(Dataset items)

*** Begin section ***

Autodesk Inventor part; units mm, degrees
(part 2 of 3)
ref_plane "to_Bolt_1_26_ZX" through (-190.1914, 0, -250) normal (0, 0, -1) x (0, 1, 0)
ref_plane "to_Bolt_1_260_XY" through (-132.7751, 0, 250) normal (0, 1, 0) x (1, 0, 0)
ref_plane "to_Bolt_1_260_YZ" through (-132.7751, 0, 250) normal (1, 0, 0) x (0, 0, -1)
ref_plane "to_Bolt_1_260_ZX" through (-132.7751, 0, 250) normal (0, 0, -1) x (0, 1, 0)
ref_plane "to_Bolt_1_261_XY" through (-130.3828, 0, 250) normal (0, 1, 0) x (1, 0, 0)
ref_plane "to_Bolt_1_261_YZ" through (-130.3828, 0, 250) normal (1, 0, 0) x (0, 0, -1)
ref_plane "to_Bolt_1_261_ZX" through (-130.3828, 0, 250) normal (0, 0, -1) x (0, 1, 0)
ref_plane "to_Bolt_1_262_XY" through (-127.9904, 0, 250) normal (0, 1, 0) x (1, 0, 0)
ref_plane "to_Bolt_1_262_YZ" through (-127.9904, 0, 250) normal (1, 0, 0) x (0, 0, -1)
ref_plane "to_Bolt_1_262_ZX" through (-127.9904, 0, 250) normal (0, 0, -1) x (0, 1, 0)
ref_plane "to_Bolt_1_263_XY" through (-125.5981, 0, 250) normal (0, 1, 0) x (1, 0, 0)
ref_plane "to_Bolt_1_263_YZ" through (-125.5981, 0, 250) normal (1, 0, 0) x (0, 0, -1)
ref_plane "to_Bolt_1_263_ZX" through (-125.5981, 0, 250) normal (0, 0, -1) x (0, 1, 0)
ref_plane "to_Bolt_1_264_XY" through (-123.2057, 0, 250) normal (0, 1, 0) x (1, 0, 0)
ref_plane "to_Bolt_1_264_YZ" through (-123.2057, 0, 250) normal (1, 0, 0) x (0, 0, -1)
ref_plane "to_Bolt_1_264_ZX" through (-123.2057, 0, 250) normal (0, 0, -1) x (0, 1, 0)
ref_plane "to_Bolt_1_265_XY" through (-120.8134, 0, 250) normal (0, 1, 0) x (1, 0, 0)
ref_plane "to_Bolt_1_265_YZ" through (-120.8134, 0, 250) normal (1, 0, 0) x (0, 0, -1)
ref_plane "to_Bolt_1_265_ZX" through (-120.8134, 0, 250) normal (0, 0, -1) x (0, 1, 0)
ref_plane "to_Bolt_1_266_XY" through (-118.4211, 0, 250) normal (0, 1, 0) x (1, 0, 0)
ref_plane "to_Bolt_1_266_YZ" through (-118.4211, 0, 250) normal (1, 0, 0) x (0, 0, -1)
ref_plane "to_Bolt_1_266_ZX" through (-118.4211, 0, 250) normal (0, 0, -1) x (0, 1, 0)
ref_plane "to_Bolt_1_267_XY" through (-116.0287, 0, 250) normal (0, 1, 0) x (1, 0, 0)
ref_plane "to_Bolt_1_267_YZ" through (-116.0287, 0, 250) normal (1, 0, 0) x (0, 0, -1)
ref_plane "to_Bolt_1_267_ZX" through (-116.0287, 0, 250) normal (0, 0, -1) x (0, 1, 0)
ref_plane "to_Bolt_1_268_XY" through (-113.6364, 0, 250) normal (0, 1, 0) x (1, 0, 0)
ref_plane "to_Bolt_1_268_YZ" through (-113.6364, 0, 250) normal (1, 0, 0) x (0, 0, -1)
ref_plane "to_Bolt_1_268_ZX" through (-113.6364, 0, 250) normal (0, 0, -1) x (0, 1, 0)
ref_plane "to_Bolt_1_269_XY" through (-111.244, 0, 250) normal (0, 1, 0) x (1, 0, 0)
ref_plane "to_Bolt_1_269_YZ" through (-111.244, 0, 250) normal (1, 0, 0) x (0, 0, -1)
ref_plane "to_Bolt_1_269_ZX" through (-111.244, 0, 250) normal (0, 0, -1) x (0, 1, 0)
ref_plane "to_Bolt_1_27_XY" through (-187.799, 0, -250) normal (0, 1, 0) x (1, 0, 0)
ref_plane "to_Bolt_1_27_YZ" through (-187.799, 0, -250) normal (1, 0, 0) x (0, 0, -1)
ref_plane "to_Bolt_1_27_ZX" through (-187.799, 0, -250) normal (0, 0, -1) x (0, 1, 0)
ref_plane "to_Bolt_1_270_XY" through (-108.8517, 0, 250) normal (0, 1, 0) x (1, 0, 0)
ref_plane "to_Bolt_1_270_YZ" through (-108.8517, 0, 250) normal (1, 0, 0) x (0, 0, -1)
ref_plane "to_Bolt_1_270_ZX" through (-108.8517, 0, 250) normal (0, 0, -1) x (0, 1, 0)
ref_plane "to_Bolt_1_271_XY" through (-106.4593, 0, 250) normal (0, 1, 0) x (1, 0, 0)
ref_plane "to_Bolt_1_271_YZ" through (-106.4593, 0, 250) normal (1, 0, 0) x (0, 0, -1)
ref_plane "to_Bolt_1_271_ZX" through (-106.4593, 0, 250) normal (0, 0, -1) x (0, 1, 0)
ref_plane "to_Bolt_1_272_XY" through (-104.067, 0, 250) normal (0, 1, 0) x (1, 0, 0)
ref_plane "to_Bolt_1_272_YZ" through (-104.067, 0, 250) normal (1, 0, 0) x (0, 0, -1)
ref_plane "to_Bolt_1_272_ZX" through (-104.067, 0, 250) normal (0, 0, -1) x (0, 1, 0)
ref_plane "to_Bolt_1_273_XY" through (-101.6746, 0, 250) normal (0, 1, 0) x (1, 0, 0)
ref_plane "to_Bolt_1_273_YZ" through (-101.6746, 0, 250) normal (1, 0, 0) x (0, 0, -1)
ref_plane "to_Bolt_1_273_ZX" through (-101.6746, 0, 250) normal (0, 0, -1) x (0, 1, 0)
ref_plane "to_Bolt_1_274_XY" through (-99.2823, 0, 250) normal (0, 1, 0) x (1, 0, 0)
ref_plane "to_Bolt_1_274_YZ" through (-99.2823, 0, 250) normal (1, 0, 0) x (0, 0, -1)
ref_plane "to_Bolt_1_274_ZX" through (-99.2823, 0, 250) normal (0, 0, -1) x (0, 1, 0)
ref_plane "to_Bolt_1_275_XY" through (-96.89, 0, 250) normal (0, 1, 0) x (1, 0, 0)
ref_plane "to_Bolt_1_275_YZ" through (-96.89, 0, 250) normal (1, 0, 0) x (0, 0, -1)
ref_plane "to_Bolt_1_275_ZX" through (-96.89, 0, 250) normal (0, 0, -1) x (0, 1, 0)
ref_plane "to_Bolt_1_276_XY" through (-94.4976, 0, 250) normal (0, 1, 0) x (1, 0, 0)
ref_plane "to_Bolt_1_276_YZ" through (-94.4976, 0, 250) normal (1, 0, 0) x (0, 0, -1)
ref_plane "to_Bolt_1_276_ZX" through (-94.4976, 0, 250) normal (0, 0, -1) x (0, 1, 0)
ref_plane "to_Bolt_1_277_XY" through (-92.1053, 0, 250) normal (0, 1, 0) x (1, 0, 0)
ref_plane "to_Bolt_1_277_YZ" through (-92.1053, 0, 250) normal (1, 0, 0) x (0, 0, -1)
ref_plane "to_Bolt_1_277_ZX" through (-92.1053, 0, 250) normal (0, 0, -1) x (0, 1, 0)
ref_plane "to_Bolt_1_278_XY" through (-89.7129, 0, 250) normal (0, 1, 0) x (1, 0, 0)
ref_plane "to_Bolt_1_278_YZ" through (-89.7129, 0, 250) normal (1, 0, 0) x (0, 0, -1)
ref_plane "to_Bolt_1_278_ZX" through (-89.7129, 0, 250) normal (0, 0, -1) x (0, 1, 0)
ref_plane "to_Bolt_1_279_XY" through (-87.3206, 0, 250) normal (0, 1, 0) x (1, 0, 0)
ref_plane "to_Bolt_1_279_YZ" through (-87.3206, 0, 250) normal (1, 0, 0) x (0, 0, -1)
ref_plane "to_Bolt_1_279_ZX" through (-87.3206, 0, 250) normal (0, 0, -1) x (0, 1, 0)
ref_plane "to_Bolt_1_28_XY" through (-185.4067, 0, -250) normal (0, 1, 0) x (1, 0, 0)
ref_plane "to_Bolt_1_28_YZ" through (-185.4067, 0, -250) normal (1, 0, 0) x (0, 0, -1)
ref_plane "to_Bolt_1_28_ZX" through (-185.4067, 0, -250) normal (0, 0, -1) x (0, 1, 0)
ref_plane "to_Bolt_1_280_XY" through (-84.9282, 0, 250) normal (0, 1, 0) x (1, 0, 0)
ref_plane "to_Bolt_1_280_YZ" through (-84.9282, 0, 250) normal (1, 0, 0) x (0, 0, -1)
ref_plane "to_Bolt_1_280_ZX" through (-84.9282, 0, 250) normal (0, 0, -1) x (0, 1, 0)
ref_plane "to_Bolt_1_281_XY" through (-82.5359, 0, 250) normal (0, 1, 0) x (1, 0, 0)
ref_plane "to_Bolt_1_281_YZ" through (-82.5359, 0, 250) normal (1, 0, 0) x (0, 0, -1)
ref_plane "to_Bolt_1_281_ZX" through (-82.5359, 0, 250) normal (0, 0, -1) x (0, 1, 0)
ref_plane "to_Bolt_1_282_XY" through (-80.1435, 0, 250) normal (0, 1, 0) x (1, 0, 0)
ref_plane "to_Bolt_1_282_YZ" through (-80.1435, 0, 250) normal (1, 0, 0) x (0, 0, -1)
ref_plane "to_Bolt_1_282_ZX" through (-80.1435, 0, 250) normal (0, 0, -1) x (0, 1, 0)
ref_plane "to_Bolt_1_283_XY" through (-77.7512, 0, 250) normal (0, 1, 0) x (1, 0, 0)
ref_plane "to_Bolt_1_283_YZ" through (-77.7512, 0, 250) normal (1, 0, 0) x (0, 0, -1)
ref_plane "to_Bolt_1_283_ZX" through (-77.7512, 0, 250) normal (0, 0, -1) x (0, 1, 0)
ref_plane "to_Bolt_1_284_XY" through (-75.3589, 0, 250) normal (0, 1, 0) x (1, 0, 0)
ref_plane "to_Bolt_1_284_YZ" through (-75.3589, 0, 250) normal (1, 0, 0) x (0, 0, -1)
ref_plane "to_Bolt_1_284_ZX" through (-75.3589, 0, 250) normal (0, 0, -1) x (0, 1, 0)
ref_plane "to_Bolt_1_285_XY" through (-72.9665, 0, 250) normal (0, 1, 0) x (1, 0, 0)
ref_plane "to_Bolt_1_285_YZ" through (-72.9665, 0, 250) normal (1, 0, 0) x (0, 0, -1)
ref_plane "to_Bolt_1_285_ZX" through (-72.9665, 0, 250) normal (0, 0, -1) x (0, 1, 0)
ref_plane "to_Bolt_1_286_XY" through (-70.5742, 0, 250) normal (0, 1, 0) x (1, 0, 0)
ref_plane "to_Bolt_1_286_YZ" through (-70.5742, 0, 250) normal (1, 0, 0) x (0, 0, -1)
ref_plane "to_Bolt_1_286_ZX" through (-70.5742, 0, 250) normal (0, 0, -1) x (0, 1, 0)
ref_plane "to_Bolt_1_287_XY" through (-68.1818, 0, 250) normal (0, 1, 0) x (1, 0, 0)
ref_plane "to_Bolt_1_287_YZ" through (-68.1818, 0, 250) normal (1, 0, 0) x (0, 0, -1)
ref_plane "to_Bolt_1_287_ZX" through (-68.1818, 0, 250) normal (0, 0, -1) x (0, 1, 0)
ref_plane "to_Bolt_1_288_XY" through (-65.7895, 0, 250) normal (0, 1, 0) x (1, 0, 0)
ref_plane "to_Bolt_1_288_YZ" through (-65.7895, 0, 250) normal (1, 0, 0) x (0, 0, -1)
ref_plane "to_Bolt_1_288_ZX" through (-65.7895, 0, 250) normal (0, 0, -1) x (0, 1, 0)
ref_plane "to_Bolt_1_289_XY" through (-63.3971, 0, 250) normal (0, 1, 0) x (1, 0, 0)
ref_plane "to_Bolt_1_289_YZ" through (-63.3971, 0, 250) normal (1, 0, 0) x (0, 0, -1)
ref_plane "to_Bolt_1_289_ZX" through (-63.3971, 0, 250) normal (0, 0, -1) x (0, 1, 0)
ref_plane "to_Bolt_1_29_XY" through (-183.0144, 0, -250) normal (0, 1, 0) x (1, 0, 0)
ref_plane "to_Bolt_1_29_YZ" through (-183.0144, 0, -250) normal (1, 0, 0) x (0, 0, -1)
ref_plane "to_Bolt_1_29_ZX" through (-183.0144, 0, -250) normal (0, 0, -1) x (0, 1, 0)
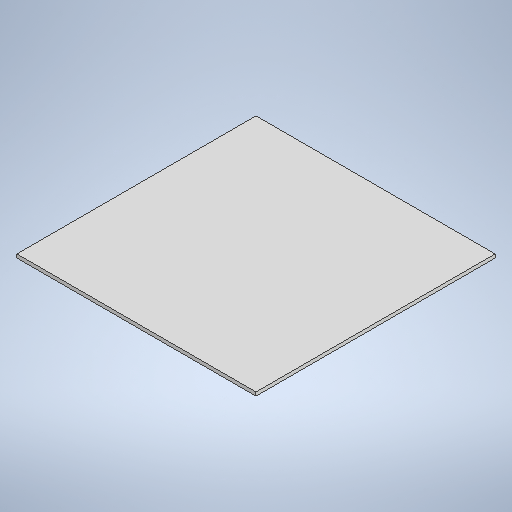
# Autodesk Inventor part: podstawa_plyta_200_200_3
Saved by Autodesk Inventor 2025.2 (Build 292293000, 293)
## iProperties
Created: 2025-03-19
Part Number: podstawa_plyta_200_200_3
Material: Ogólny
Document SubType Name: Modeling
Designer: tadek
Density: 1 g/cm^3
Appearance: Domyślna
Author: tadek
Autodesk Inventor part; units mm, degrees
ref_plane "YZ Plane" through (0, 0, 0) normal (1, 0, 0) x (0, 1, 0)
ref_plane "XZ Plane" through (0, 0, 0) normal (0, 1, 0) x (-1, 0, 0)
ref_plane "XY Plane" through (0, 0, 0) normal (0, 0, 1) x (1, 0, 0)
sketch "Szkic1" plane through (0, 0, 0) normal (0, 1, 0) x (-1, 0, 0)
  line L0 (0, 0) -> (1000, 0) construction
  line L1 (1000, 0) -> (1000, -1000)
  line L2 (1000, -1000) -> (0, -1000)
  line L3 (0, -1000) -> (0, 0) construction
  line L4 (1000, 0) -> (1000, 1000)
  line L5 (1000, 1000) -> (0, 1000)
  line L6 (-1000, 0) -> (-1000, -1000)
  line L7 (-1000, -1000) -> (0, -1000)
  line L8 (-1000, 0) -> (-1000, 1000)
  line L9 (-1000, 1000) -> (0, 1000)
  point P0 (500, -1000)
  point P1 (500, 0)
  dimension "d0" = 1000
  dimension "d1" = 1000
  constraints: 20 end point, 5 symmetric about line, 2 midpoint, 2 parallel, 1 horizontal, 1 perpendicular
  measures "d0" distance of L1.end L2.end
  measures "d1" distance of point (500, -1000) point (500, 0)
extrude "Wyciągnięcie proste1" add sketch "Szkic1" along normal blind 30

*** End section ***

Look above for the line with "(-113.6364, 0, 250) normal (0, 0, -1)" and the line with "(-187.799, 0, -250) normal (1, 0, 0)", and reproduce exactly those two lines plus every line between, nothing more.

ref_plane "to_Bolt_1_268_ZX" through (-113.6364, 0, 250) normal (0, 0, -1) x (0, 1, 0)
ref_plane "to_Bolt_1_269_XY" through (-111.244, 0, 250) normal (0, 1, 0) x (1, 0, 0)
ref_plane "to_Bolt_1_269_YZ" through (-111.244, 0, 250) normal (1, 0, 0) x (0, 0, -1)
ref_plane "to_Bolt_1_269_ZX" through (-111.244, 0, 250) normal (0, 0, -1) x (0, 1, 0)
ref_plane "to_Bolt_1_27_XY" through (-187.799, 0, -250) normal (0, 1, 0) x (1, 0, 0)
ref_plane "to_Bolt_1_27_YZ" through (-187.799, 0, -250) normal (1, 0, 0) x (0, 0, -1)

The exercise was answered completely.